(Extracted material begins)
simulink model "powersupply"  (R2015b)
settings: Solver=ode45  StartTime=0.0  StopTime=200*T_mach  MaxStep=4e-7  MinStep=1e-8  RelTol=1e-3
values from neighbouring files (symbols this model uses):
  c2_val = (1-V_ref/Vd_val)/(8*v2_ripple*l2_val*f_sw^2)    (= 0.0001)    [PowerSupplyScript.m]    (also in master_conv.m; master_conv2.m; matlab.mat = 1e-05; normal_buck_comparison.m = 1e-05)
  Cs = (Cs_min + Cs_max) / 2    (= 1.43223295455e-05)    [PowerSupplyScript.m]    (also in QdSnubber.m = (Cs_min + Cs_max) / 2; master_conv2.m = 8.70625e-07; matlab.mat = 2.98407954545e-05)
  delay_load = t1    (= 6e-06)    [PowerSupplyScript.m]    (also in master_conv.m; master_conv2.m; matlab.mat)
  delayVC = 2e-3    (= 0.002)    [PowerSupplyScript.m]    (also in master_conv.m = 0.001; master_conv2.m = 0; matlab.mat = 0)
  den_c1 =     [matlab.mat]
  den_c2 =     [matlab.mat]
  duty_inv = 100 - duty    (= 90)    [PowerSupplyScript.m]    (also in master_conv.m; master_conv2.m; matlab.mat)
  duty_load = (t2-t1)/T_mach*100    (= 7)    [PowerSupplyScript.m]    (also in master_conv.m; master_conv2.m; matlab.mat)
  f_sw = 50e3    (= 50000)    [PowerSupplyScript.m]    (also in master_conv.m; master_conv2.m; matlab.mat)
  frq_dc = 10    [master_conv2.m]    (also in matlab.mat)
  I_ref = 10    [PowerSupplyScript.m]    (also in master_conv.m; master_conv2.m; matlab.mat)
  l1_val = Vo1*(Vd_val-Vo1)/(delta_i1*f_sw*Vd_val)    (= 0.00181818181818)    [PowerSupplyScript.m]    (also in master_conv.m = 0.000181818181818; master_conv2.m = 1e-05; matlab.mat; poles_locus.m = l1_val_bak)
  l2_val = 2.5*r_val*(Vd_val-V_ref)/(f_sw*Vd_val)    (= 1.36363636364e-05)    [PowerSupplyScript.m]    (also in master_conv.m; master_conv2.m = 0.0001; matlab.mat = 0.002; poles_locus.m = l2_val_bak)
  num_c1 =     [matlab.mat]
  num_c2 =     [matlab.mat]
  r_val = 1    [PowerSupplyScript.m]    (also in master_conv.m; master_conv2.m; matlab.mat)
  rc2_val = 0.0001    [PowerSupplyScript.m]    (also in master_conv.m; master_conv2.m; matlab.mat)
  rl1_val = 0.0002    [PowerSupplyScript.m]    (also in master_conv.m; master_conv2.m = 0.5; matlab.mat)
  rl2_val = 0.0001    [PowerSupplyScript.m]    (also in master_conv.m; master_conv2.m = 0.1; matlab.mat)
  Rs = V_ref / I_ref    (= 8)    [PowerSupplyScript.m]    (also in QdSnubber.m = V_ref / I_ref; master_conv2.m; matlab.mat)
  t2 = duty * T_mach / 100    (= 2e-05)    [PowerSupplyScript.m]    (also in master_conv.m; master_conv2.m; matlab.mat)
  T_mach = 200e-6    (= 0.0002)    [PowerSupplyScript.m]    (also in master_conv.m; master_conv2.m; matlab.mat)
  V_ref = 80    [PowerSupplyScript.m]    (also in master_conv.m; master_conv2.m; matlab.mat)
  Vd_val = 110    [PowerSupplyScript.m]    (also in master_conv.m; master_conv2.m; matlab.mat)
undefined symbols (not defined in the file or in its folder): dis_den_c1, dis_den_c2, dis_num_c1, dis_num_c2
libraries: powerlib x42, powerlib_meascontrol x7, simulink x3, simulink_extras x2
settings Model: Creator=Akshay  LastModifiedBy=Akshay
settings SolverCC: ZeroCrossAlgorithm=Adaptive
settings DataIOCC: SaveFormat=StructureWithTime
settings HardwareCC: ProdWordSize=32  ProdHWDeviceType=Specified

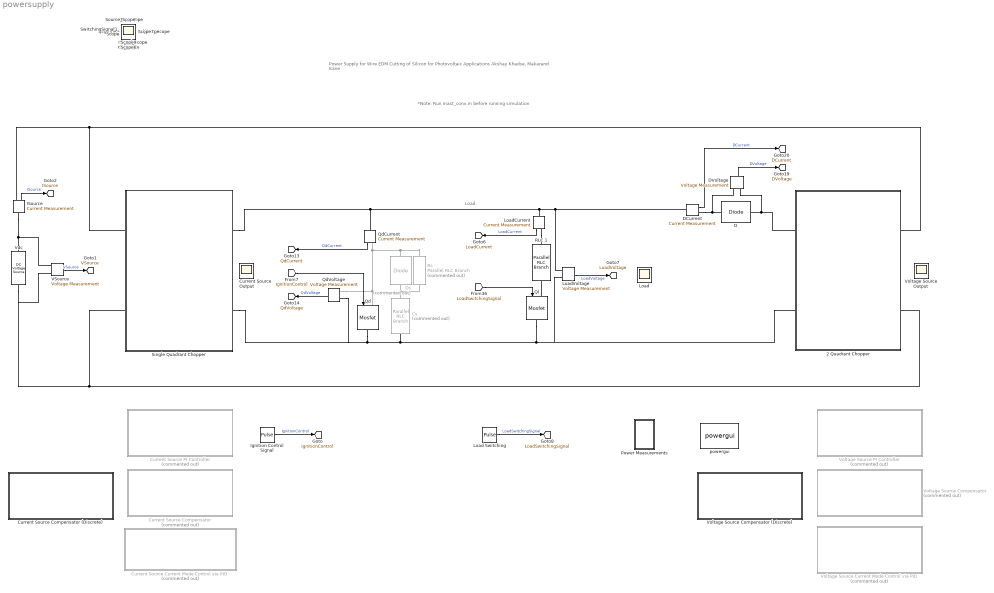
== system powersupply ==
  note: Power Supply for Wire EDM Cutting of Silicon for Photovoltaic Applications
      |
      | Akshay Khadse, Makarand Kane
  note: Load
  note: *Note: Run mast_conv.m before running simulation
  " RLC 1" : powerlib/Elements/Parallel RLC Branch  LConnTagsString=a  RConnTagsString=__new0  BranchType=R  Resistance=r_val  Inductance=1e-3  SetiL0=off  InitialCurrent=0  Capacitance=0.1e-6  Setx0=off  InitialVoltage=0  Measurements=None
  " Rs" : powerlib/Elements/Parallel RLC Branch  Commented=on  LConnTagsString=a  RConnTagsString=__new0  BranchType=R  Resistance=Rs  Inductance=1e-3  SetiL0=off  InitialCurrent=0  Capacitance=0.1e-6  Setx0=off  InitialVoltage=0  Measurements=None
  2 Quadrant Chopper : Subsystem
  Cs : powerlib/Elements/Parallel RLC Branch  Commented=on  LConnTagsString=a  RConnTagsString=__new0  BranchType=C  Resistance=r_val  Inductance=1e-3  SetiL0=off  InitialCurrent=0  Capacitance=Cs  Setx0=off  InitialVoltage=0  Measurements=None
  Current Source Output : Scope
      settings: Floating=on
  Current Source Compensator : Subsystem  Commented=on
  Current Source Compensator (Discrete) : Subsystem
  Current Source Current Mode Control via PID : Subsystem  Commented=on
  Current Source PI Controller : Subsystem  Commented=on
  D : powerlib/Power Electronics/Diode  Ron=0.001  Lon=0  Vf=0.8  IC=0  UseSnubber=off  Rs=1e5  Cs=250e-9  Measurements=off
  DCurrent : powerlib/Measurements/Current Measurement  PhasorSimulation=off  OutputType=Complex  PSBequivalent=0
  DVoltage : powerlib/Measurements/Voltage Measurement  PhasorSimulation=off  OutputType=Complex  PSBequivalent=0
  Ds : powerlib/Power Electronics/Diode  Commented=on  Ron=0.001  Lon=0  Vf=0.8  IC=0  UseSnubber=off  Rs=500  Cs=250e-9  Measurements=off
  ISource : powerlib/Measurements/Current Measurement  PhasorSimulation=off  OutputType=Complex  PSBequivalent=0
  Ignition Control Signal : DiscretePulseGenerator  PulseType=Time based  Period=T_mach  PulseWidth=duty_inv  PhaseDelay=t2 + delayVC
  Load : Scope
      settings: Floating=on
  Load Switching : DiscretePulseGenerator  PulseType=Time based  Period=T_mach  PulseWidth=duty_load  PhaseDelay=delay_load + delayVC
  LoadCurrent : powerlib/Measurements/Current Measurement  PhasorSimulation=off  OutputType=Complex  PSBequivalent=0
  LoadVoltage : powerlib/Measurements/Voltage Measurement  PhasorSimulation=off  OutputType=Complex  PSBequivalent=0
  Power Measurements : Subsystem
  Qd : powerlib/Power Electronics/Mosfet  Ron=0.1  Lon=0  Rd=0.01  Vfd=0  IC=0  Rs=1e5  Cs=inf  Measurements=off
  QdCurrent : powerlib/Measurements/Current Measurement  PhasorSimulation=off  OutputType=Complex  PSBequivalent=0
  QdVoltage : powerlib/Measurements/Voltage Measurement  PhasorSimulation=off  OutputType=Complex  PSBequivalent=0
  Ql : powerlib/Power Electronics/Mosfet  Ron=0.1  Lon=0  Rd=0.01  Vfd=0  IC=0  Rs=1e5  Cs=inf  Measurements=off
  Single Quadrant Chopper : Subsystem
  VSource : powerlib/Measurements/Voltage Measurement  PhasorSimulation=off  OutputType=Complex  PSBequivalent=0
  Vdc : powerlib/Electrical Sources/DC Voltage Source  Amplitude=Vd_val  Measurements=Voltage
  Voltage Source Output : Scope
      settings: Floating=on
  Voltage Source Compensator : Subsystem  Commented=on
  Voltage Source Compensator (Discrete) : Subsystem
  Voltage Source Current Mode Control via PID : Subsystem  Commented=on
  Voltage Source PI Controller : Subsystem  Commented=on
  powergui : powerlib/powergui  Priority=1  SimulationMode=Discrete  SolverType=Backward Euler  SampleTime=0.01/f_sw  frequency=60  SPID=on  DisableSnubberDevices=off  DisableRonSwitches=off  DisableVfSwitches=off  SwTol=0  DisplayEquations=off  Interpol=off  ExternalGateDelay=off  methode=off  Ts=0  FunctionMessages=off  echomessages=off  HookPort=off  EnableUseOfTLC=off  x0status=zero  frequencyindice=0  Pbase=100e6  ErrMax=1e-4  Iterations=50  UnitsV=kV  UnitsW=MW  buscounter=0  RestoreLinks=warning  ResistiveCurrentMeasurement=off  Frange=[0:2:500]  Ylog=off  Xlog=on  ShowGrid=off  save=off  variable=ZData  structure=ScopeData  ZoomFFT=off  StartTime=0.0  cycles=5  DisplayStyle=2  fundamental=50  FreqAxis=off  MaxFrequency=50000  frequencyindicesteady=1  RmsSteady=1  display=off
  C2_Scope : Scope
  D1_Scope : Scope
  D_Scope : Scope
  Ignition_Scope : Scope
  L1_Scope : Scope
  Load_Scope : Scope
  Q1_Scope : Scope
  Q2_Scope : Scope
  Q3_scope : Scope
  Qd_Scope : Scope
  Scope{,1..10} (11 alike) : Scope
  Source_Scope : Scope
  SwitchingSignal1_Scope : Scope
  tag scope: DCurrent=global, DVoltage=global, ISource=global, IgnitionControl=global, LoadCurrent=global, LoadSwitchingSignal=global, LoadVoltage=global, QdCurrent=global, QdVoltage=global, VSource=global
  wires:
  Ignition Control Signal/1 -> [IgnitionControl]  "IgnitionControl"
  Load Switching/1 -> [LoadSwitchingSignal]  "LoadSwitchingSignal"
  LoadCurrent/1 -> [LoadCurrent]  "LoadCurrent"
  LoadVoltage/1 -> [LoadVoltage]  "LoadVoltage"
  [IgnitionControl] -> Qd/1
  QdCurrent/1 -> [QdCurrent]  "QdCurrent"
  QdVoltage/1 -> [QdVoltage]  "QdVoltage"
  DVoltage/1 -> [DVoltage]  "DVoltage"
(Extracted material ends)
Exercise: Starting at the line above that contains "Rs = V_ref /", write out each line exactly until the line that contains "T_mach = 200e-6" has been written, and stop there.

Response:
  Rs = V_ref / I_ref    (= 8)    [PowerSupplyScript.m]    (also in QdSnubber.m = V_ref / I_ref; master_conv2.m; matlab.mat)
  t2 = duty * T_mach / 100    (= 2e-05)    [PowerSupplyScript.m]    (also in master_conv.m; master_conv2.m; matlab.mat)
  T_mach = 200e-6    (= 0.0002)    [PowerSupplyScript.m]    (also in master_conv.m; master_conv2.m; matlab.mat)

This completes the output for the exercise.